HamadaMayu/qwen2.5-7b-agent-trajectory-mixed_dbv4_alfv4_1to1
HamadaMayu/qwen2.5-7b-agent-trajectory-mixed_dbv4_alfv4_1to1 is a 7.6 billion parameter Qwen2.5-7B-Instruct based model fine-tuned for AgentBench tasks, specifically sequential trajectory planning (ALFWorld) and structured reasoning/database querying (DBBench). This model excels at deterministic action generation and reducing invalid actions within these agentic domains. It is optimized for research and evaluation in trajectory learning and agent behavior.
Loading preview...
Model Overview
This model, qwen2.5-7b-agent-trajectory-mixed_dbv4_alfv4_1to1, is a 7.6 billion parameter variant of Qwen/Qwen2.5-7B-Instruct, specifically fine-tuned for agentic tasks. It integrates capabilities for sequential trajectory planning and structured reasoning, making it suitable for complex agent environments.
Key Capabilities
- AgentBench Optimization: Specifically trained on ALFWorld and DBBench datasets for agent trajectory planning and database querying.
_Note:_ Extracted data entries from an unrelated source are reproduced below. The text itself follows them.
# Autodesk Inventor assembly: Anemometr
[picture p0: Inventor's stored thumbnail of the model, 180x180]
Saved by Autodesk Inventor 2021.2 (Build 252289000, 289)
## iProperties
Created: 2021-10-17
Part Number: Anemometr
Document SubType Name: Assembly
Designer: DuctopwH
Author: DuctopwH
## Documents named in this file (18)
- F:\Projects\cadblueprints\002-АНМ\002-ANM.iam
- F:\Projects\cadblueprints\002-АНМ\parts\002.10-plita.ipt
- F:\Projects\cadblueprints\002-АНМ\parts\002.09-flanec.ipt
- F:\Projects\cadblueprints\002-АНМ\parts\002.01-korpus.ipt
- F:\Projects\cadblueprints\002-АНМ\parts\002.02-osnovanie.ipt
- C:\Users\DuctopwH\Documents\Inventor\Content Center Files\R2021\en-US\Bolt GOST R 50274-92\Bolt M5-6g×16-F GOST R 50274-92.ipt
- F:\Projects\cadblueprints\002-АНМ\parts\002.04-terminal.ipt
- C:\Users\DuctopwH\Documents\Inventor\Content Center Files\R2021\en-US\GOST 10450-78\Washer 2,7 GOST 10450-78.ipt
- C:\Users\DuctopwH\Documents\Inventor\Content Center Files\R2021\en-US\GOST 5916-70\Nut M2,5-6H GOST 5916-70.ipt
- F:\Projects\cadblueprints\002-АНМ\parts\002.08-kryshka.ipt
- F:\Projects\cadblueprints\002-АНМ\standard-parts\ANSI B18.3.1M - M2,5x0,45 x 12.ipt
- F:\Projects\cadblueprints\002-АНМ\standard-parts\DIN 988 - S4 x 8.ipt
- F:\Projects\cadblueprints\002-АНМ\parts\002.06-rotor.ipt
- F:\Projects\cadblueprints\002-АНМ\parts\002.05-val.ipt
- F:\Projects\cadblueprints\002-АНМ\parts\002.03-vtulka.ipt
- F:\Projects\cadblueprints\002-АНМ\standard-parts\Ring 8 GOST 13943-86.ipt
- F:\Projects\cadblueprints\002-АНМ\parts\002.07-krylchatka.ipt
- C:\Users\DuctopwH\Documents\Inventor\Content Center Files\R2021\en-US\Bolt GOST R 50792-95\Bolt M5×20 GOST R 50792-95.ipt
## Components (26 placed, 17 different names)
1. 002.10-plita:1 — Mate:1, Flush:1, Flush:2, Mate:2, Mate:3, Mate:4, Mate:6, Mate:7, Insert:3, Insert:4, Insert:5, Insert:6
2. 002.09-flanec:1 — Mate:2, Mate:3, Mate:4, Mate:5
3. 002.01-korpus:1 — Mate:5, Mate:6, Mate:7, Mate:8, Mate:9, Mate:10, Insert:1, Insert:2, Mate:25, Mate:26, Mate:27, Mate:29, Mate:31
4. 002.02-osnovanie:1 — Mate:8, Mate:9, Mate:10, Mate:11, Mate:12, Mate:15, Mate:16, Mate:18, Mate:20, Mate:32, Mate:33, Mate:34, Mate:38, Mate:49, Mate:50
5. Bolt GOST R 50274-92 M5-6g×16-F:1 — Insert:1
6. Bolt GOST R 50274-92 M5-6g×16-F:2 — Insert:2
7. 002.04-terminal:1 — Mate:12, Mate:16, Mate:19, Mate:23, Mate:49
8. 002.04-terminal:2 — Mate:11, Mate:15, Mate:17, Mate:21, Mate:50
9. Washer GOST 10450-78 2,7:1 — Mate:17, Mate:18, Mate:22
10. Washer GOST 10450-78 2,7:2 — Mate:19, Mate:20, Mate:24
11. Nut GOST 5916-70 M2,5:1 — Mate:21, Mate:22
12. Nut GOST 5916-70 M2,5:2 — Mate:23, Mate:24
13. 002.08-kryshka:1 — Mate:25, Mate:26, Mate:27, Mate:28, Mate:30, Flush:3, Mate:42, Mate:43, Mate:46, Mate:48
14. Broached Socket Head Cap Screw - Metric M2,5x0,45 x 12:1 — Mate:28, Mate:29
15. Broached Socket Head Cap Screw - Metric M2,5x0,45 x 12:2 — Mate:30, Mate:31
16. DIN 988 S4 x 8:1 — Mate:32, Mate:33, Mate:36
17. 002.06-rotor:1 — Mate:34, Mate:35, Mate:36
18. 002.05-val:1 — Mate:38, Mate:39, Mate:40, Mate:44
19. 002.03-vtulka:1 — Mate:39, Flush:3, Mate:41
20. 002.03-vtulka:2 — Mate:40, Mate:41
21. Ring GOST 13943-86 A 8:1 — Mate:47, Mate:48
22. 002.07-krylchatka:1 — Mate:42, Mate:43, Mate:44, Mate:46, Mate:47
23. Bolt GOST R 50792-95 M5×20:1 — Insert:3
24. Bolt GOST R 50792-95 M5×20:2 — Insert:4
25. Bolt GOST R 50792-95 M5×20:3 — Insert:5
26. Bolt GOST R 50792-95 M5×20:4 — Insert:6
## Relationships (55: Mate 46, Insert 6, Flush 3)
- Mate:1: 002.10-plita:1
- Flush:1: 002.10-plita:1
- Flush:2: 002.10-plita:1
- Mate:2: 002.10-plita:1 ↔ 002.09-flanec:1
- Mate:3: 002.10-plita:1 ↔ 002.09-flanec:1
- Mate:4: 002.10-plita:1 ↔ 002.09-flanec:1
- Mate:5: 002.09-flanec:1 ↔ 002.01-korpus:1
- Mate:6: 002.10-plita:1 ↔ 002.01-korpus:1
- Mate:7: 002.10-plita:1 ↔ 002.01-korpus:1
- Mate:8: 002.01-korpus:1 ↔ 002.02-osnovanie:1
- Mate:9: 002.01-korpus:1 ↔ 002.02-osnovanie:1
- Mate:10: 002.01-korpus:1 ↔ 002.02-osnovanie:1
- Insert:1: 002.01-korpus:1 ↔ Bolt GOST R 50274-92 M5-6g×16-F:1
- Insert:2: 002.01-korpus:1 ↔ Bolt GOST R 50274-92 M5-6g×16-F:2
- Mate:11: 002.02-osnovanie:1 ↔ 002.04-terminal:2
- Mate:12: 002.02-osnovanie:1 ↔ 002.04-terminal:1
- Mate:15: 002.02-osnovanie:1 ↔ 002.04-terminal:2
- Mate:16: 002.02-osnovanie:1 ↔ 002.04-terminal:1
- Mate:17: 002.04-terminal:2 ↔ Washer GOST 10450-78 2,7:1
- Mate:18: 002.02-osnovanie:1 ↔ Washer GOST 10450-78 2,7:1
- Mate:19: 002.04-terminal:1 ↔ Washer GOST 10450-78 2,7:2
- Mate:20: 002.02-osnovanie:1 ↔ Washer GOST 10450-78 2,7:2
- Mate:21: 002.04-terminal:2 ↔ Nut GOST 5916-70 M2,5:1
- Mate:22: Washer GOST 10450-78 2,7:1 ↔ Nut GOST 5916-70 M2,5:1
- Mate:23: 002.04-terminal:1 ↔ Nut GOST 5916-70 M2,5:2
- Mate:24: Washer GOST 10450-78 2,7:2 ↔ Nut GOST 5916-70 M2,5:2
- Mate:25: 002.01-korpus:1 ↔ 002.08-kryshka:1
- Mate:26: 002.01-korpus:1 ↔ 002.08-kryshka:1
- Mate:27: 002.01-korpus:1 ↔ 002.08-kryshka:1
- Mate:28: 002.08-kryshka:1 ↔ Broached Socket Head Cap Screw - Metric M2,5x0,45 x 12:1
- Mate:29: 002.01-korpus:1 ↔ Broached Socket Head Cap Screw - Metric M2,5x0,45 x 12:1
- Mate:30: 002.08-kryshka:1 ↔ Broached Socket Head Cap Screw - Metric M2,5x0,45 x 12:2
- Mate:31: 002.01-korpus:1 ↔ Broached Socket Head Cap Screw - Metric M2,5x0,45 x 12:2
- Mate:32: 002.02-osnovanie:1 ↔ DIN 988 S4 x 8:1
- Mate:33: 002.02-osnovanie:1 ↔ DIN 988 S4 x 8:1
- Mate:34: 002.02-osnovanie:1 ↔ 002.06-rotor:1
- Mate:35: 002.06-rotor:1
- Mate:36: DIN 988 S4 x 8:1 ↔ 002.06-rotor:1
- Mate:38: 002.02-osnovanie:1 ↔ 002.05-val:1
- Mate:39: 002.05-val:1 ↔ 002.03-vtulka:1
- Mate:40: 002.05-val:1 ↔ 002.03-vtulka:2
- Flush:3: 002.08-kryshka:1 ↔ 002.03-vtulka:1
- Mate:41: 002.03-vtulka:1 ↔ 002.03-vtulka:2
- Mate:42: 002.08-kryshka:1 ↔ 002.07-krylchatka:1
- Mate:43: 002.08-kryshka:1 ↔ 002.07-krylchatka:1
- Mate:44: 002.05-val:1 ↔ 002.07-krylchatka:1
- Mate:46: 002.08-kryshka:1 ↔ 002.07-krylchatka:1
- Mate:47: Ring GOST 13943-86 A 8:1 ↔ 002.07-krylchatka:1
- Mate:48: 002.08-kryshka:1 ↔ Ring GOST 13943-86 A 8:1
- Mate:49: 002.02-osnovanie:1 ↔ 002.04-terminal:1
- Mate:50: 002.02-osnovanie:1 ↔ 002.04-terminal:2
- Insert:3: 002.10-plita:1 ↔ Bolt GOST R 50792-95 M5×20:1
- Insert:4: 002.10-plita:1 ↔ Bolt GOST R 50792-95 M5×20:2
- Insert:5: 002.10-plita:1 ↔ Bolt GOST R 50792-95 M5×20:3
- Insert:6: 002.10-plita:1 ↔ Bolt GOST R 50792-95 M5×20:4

- Deterministic Action Generation: Optimized for generating consistent and predictable actions.
- Reduced Invalid Actions: Aims to minimize the occurrence of incorrect or invalid actions within its target domains.
- Supervised Fine-Tuning (SFT): Utilizes LoRA-based SFT, with weights merged into the base model.
Training Details
The model was trained using a 1:1 mix of the u-10bei/sft_alfworld_trajectory_dataset_v5 and u-10bei/dbbench_sft_dataset_react_v4 datasets. Loss was applied exclusively to assistant outputs, and no external datasets were incorporated.
Intended Use Cases
- AgentBench Evaluation: Ideal for evaluating agent performance on ALFWorld and DBBench tasks.
- Trajectory Learning Research: Useful for research into how language models handle sequential decision-making.
- Educational Experiments: Suitable for academic and experimental purposes related to agentic AI.
Limitations
- Performance may decline when used outside the specific AgentBench domains it was trained on.
- Long-horizon planning is constrained by the model's 32K context length.
- The model may still produce invalid actions if faced with significant distribution shifts from its training data.